From c9f759bb21782eb0487c96a59500310d1283694c Mon Sep 17 00:00:00 2001
From: eZio Pan <eziopan@qq.com>
Date: Sat, 16 Mar 2024 21:20:17 +0800
Subject: [PATCH] stm32 CORDIC: ZeroOverhead for q1.31 and q1.15

---
 embassy-stm32/src/cordic/enums.rs |  13 -
 embassy-stm32/src/cordic/mod.rs   | 468 ++++++++++++++++++------------
 embassy-stm32/src/cordic/utils.rs |   4 +-
 3 files changed, 278 insertions(+), 207 deletions(-)
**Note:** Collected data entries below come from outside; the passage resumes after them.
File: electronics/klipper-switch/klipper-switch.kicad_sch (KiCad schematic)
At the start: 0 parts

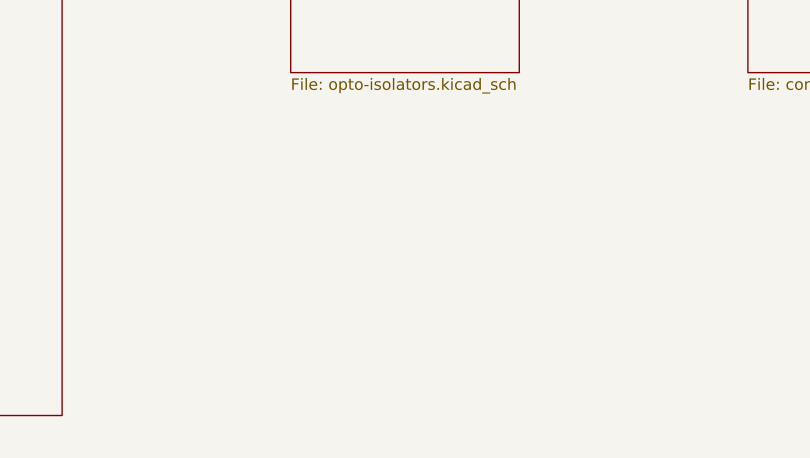
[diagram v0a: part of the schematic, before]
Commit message: output conn adjusted
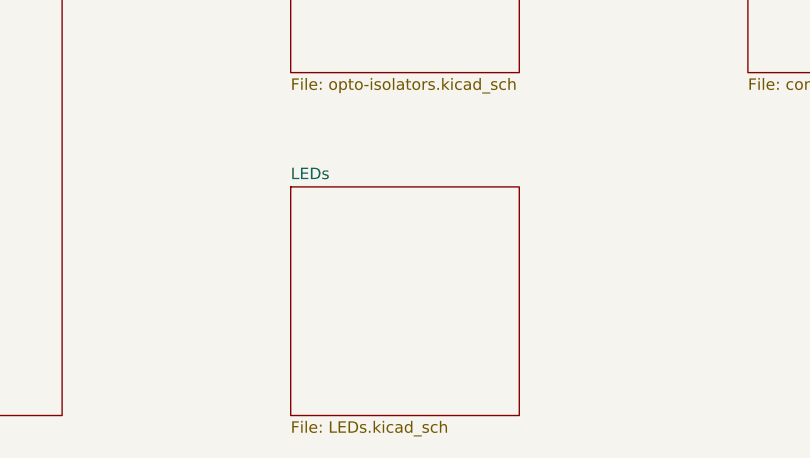
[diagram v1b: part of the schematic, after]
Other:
- added sheet LEDs (LEDs.kicad_sch)
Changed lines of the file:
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@@
+	)
+	(sheet
+		(at 76.2 152.4)
+		(size 25.4 25.4)
+		(fields_autoplaced yes)
+		(stroke
+			(width 0.1524)
+			(type solid)
+		)
+		(fill
+			(color 0 0 0 0.0000)
+		)
+		(property "Sheetname" "LEDs"
+			(at 76.2 151.6884 0)
+			(effects
+				(font
+					(size 1.27 1.27)
+				)
+				(justify left bottom)
+			)
+		)
+		(property "Sheetfile" "LEDs.kicad_sch"
+			(at 76.2 178.3846 0)
+			(effects
+				(font
+					(size 1.27 1.27)
+				)
+				(justify left top)
+			)
+		)
+		(instances
+			(project "klipper-switch"
+				(path "/e5df92b1-e048-41e8-96e5-ed9a12dbef0e"
+					(page "6")
+				)
+			)
+		)
 	)
 	(sheet
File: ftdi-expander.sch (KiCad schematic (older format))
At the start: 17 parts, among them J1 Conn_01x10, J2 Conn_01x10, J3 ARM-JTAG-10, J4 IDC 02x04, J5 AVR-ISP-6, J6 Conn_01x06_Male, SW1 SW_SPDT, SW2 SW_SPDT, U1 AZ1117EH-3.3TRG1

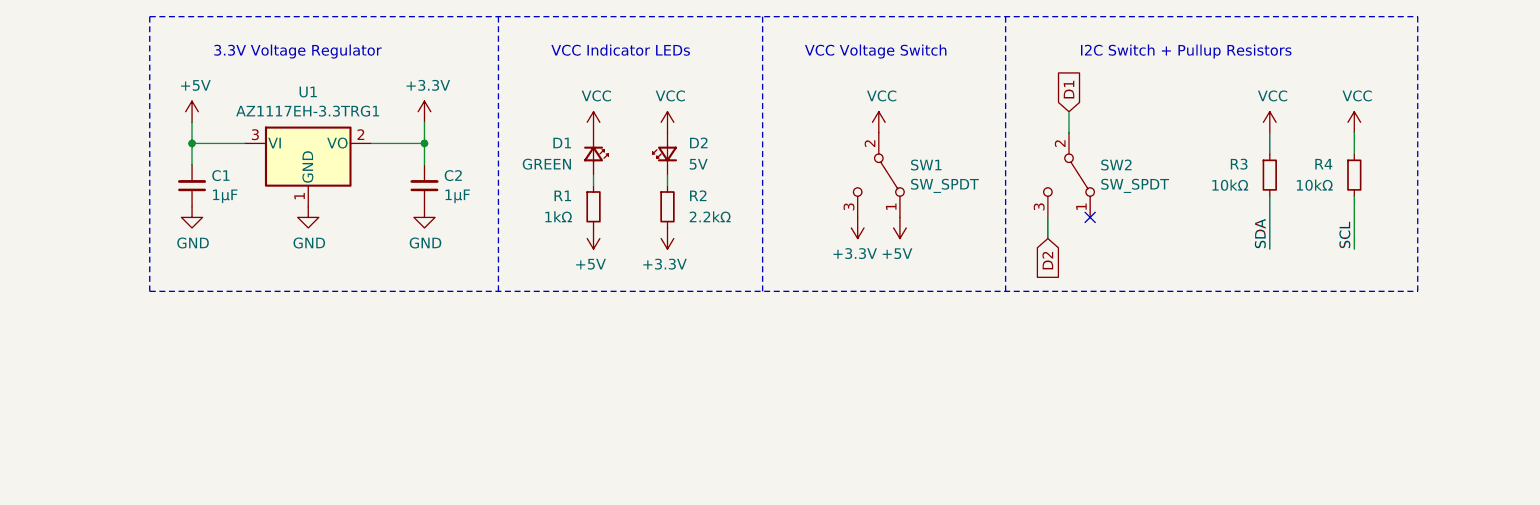
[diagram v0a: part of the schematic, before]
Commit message: routed version with spdt switches
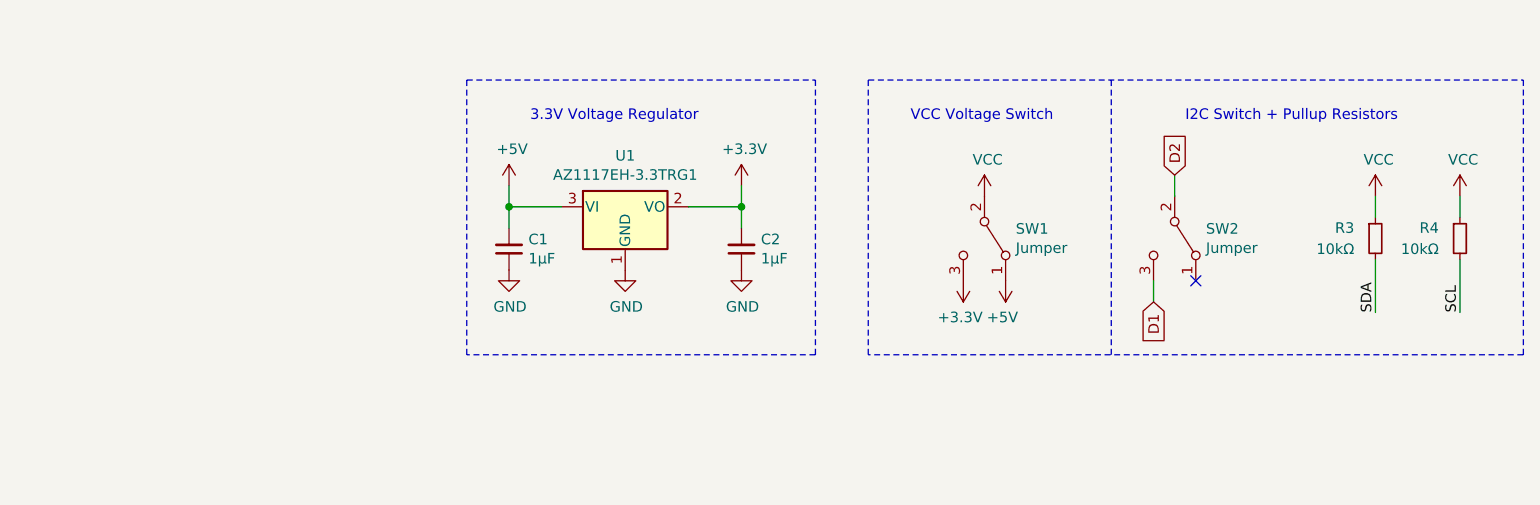
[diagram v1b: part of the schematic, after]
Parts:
- removed D1: GREEN, LED_SMD:LED_0805_2012Metric_Castellated, symbol Device:LED_Small
- removed D2: 5V, LED_SMD:LED_0805_2012Metric_Castellated, symbol Device:LED_Small
- removed R1: 1kΩ, Resistor_SMD:R_0805_2012Metric_Pad1.15x1.40mm_HandSolder, symbol Device:R_Small
- removed R2: 2.2kΩ, Resistor_SMD:R_0805_2012Metric_Pad1.15x1.40mm_HandSolder, symbol Device:R_Small
- SW1, SW2: value SW_SPDT -> Jumper; footprint Button_Switch_SMD:SW_SPDT_PCM12 -> Connector_PinHeader_2.54mm:PinHeader_1x03_P2.54mm_Vertical
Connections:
- net D1: now also SW2.3 (C); no longer SW2.2 (B)
- net D2: now also SW2.2 (B); no longer SW2.3 (C)
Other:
- note removed: "VCC Indicator LEDs"
- moved on the sheet: C1, C2, R3, R4, SW1, SW2, U1
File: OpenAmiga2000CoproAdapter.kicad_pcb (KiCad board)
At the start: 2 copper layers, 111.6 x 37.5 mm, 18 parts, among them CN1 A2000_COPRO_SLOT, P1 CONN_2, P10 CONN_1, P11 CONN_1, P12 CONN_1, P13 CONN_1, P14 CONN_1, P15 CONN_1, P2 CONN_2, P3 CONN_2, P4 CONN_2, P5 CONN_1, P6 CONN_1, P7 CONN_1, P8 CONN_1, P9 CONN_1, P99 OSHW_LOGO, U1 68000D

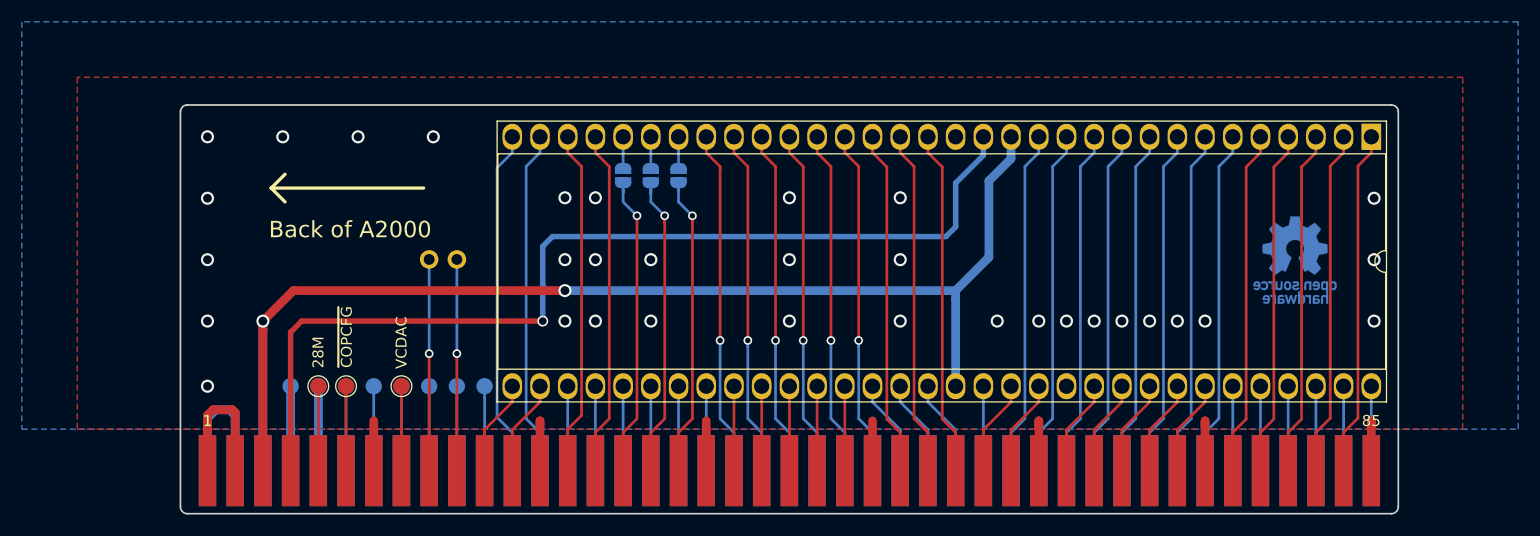
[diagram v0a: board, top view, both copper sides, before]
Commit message: Experiment arbitrating bus away from mainboard cpu
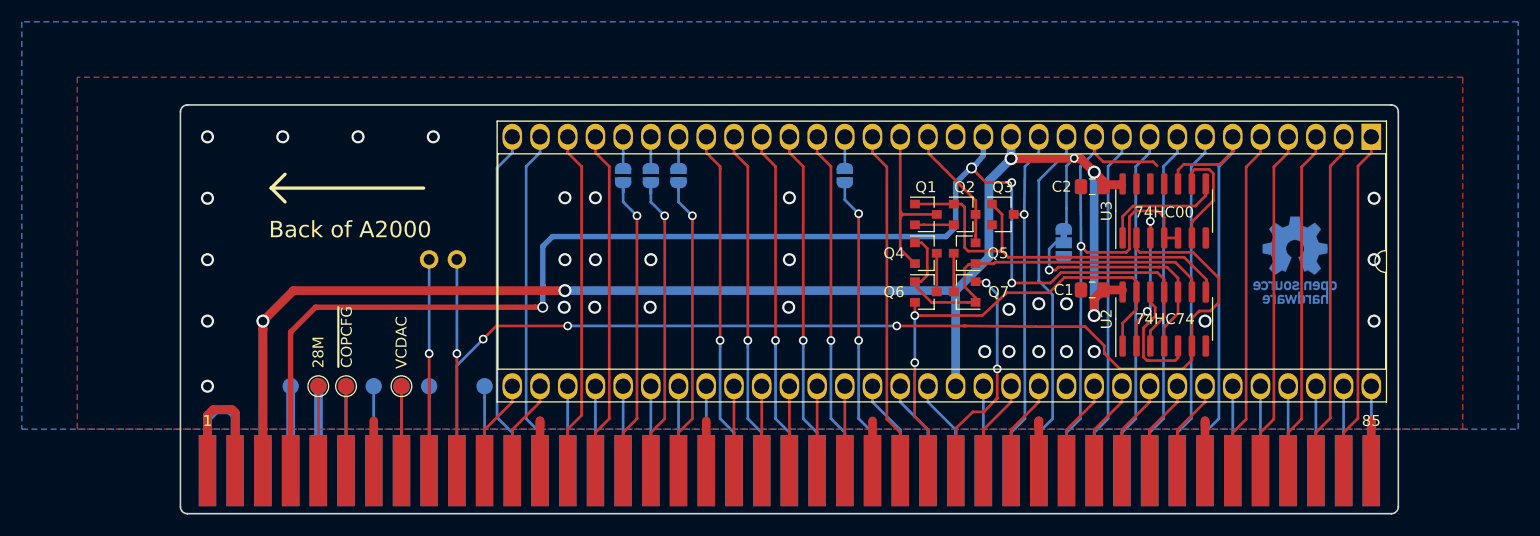
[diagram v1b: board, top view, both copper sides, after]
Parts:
- removed P12: CONN_1, TestPoint:TestPoint_Pad_D1.5mm
- added C1: C, Capacitor_SMD:C_0805_2012Metric_Pad1.15x1.40mm_HandSolder, F.Cu at (174.3, 126.2)
- added C2: C, Capacitor_SMD:C_0805_2012Metric_Pad1.15x1.40mm_HandSolder, F.Cu at (174.3, 116.7)
- added JP1: SolderJumper_3_Bridged12, Jumper:SolderJumper-3_P1.3mm_Bridged12_RoundedPad1.0x1.5mm, B.Cu at (171.7, 121.9)
- added JP2: SolderJumper_2_Open, Jumper:SolderJumper-2_P1.3mm_Open_RoundedPad1.0x1.5mm, B.Cu at (151.6, 115.7)
- added Q1: 2N7002, Package_TO_SOT_SMD:SOT-23, F.Cu at (159.1, 119.3)
- added Q2: 2N7002, Package_TO_SOT_SMD:SOT-23, F.Cu at (162.6, 119.3)
- added Q3: 2N7002, Package_TO_SOT_SMD:SOT-23, F.Cu at (166.1, 119.3)
- added Q4: 2N7002, Package_TO_SOT_SMD:SOT-23, F.Cu at (159.1, 122.8)
- added Q5: 2N7002, Package_TO_SOT_SMD:SOT-23, F.Cu at (162.6, 122.8)
- added Q6: 2N7002, Package_TO_SOT_SMD:SOT-23, F.Cu at (159.1, 126.4)
- added Q7: 2N7002, Package_TO_SOT_SMD:SOT-23, F.Cu at (162.6, 126.4)
- added U2: 74HC74, Package_SO:SOIC-14_3.9x8.7mm_P1.27mm, F.Cu at (180.9, 128.8)
- added U3: 74HC00, Package_SO:SOIC-14_3.9x8.7mm_P1.27mm, F.Cu at (180.9, 118.9)
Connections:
- CN1 pad 20: Net-(CN1-Pad20) -> /~BOSS
- U1 pad 17: /~hlt -> /~cpuhlt
- U1 pad 18: /~rst -> /~cpurst
- U1 pad 20: /e -> Net-(JP2-Pad2)
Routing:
- net /~BOSS: track 0.00 -> 99.5 mm, vias 0 -> 3
- net /BR: track 0.00 -> 38.7 mm
- net /~BR: track 0.00 -> 37.8 mm
- net +5V: track 117.1 -> 153.0 mm, vias 2 -> 6
- net /v7m: track 91.2 -> 125.6 mm, vias 1 -> 4
- net Net-(JP1-Pad2): track 0.00 -> 23.1 mm, vias 0 -> 1
- net /~cbg: track 31.7 -> 54.0 mm, vias 0 -> 1
- net /~cpurst: track 0.00 -> 16.1 mm
- net Net-(U2-Pad2): track 0.00 -> 14.2 mm, vias 0 -> 2
- net /~rst: track 31.7 -> 45.4 mm, vias 0 -> 2
- net Net-(U3-Pad1): track 0.00 -> 11.6 mm
- net Net-(U2-Pad12): track 0.00 -> 11.6 mm
- net /~cpuhlt: track 0.00 -> 10.8 mm
- net /~hlt: track 31.7 -> 21.1 mm, vias 0 -> 2
- net Net-(U3-Pad6): track 0.00 -> 10.1 mm
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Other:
- board text added: "Arb"
- board text added: "NOTE: If no CPU in mainboard Close E jumper, set ARB jumper to off"
- board text added: "Proto"
- board text added: "off"
- board text added: "on"
- board text removed: "V3"
- board text removed: "~BOSS"

diff --git a/embassy-stm32/src/cordic/enums.rs b/embassy-stm32/src/cordic/enums.rs
index 3e1c47f7f..37c73f549 100644
--- a/embassy-stm32/src/cordic/enums.rs
+++ b/embassy-stm32/src/cordic/enums.rs
@@ -68,16 +68,3 @@ pub enum Width {
     Bits32,
     Bits16,
 }
-
-/// Cordic driver running mode
-#[derive(Clone, Copy)]
-pub enum Mode {
-    /// After caculation start, a read to RDATA register will block AHB until the caculation finished
-    ZeroOverhead,
-
-    /// Use CORDIC interrupt to trigger a read result value
-    Interrupt,
-
-    /// Use DMA to write/read value
-    Dma,
-}
diff --git a/embassy-stm32/src/cordic/mod.rs b/embassy-stm32/src/cordic/mod.rs
index 997ace113..61277d7e1 100644
--- a/embassy-stm32/src/cordic/mod.rs
+++ b/embassy-stm32/src/cordic/mod.rs
@@ -1,8 +1,9 @@
 //! CORDIC co-processor
 
-use crate::peripherals;
 use embassy_hal_internal::{into_ref, Peripheral, PeripheralRef};
 
+use crate::peripherals;
+
 mod enums;
 pub use enums::*;
 
@@ -10,10 +11,6 @@ pub mod utils;
 
 pub(crate) mod sealed;
 
-// length of pre-allocated [u32] memory for CORDIC input,
-// length should be multiple of 2
-const INPUT_BUF_LEN: usize = 8;
-
 /// Low-level CORDIC access.
 #[cfg(feature = "unstable-pac")]
 pub mod low_level {
@@ -31,30 +28,16 @@ pub trait Instance: sealed::Instance + Peripheral<P = Self> + crate::rcc::RccPer
 
 /// CORDIC configuration
 pub struct Config {
-    mode: Mode,
     function: Function,
     precision: Precision,
     scale: Scale,
     first_result: bool,
 }
 
-// CORDIC running state
-struct State {
-    input_buf: [u32; INPUT_BUF_LEN],
-    buf_index: usize,
-}
-
 impl Config {
     /// Create a config for Cordic driver
-    pub fn new(
-        mode: Mode,
-        function: Function,
-        precision: Option<Precision>,
-        scale: Option<Scale>,
-        first_result: bool,
-    ) -> Self {
+    pub fn new(function: Function, precision: Option<Precision>, scale: Option<Scale>, first_result: bool) -> Self {
         Self {
-            mode,
             function,
             precision: precision.unwrap_or_default(),
             scale: scale.unwrap_or_default(),
@@ -133,22 +116,123 @@ impl<'d, T: Instance> Cordic<'d, T> {
         } else {
             self.peri.set_result_count(Count::Two)
         }
+    }
 
-        match self.config.mode {
-            Mode::ZeroOverhead => (),
-            Mode::Interrupt => {
-                self.peri.enable_irq();
-            }
-            Mode::Dma => {
-                self.peri.enable_write_dma();
-                self.peri.enable_read_dma();
-            }
+    fn blocking_read_f32(&mut self) -> (f32, Option<f32>) {
+        let reg_value = self.peri.read_result();
+
+        let res1 = utils::q1_15_to_f32((reg_value & ((1u32 << 16) - 1)) as u16);
+
+        // We don't care about whether the function return 1 or 2 results,
+        // the only thing matter is whether user want 1 or 2 results.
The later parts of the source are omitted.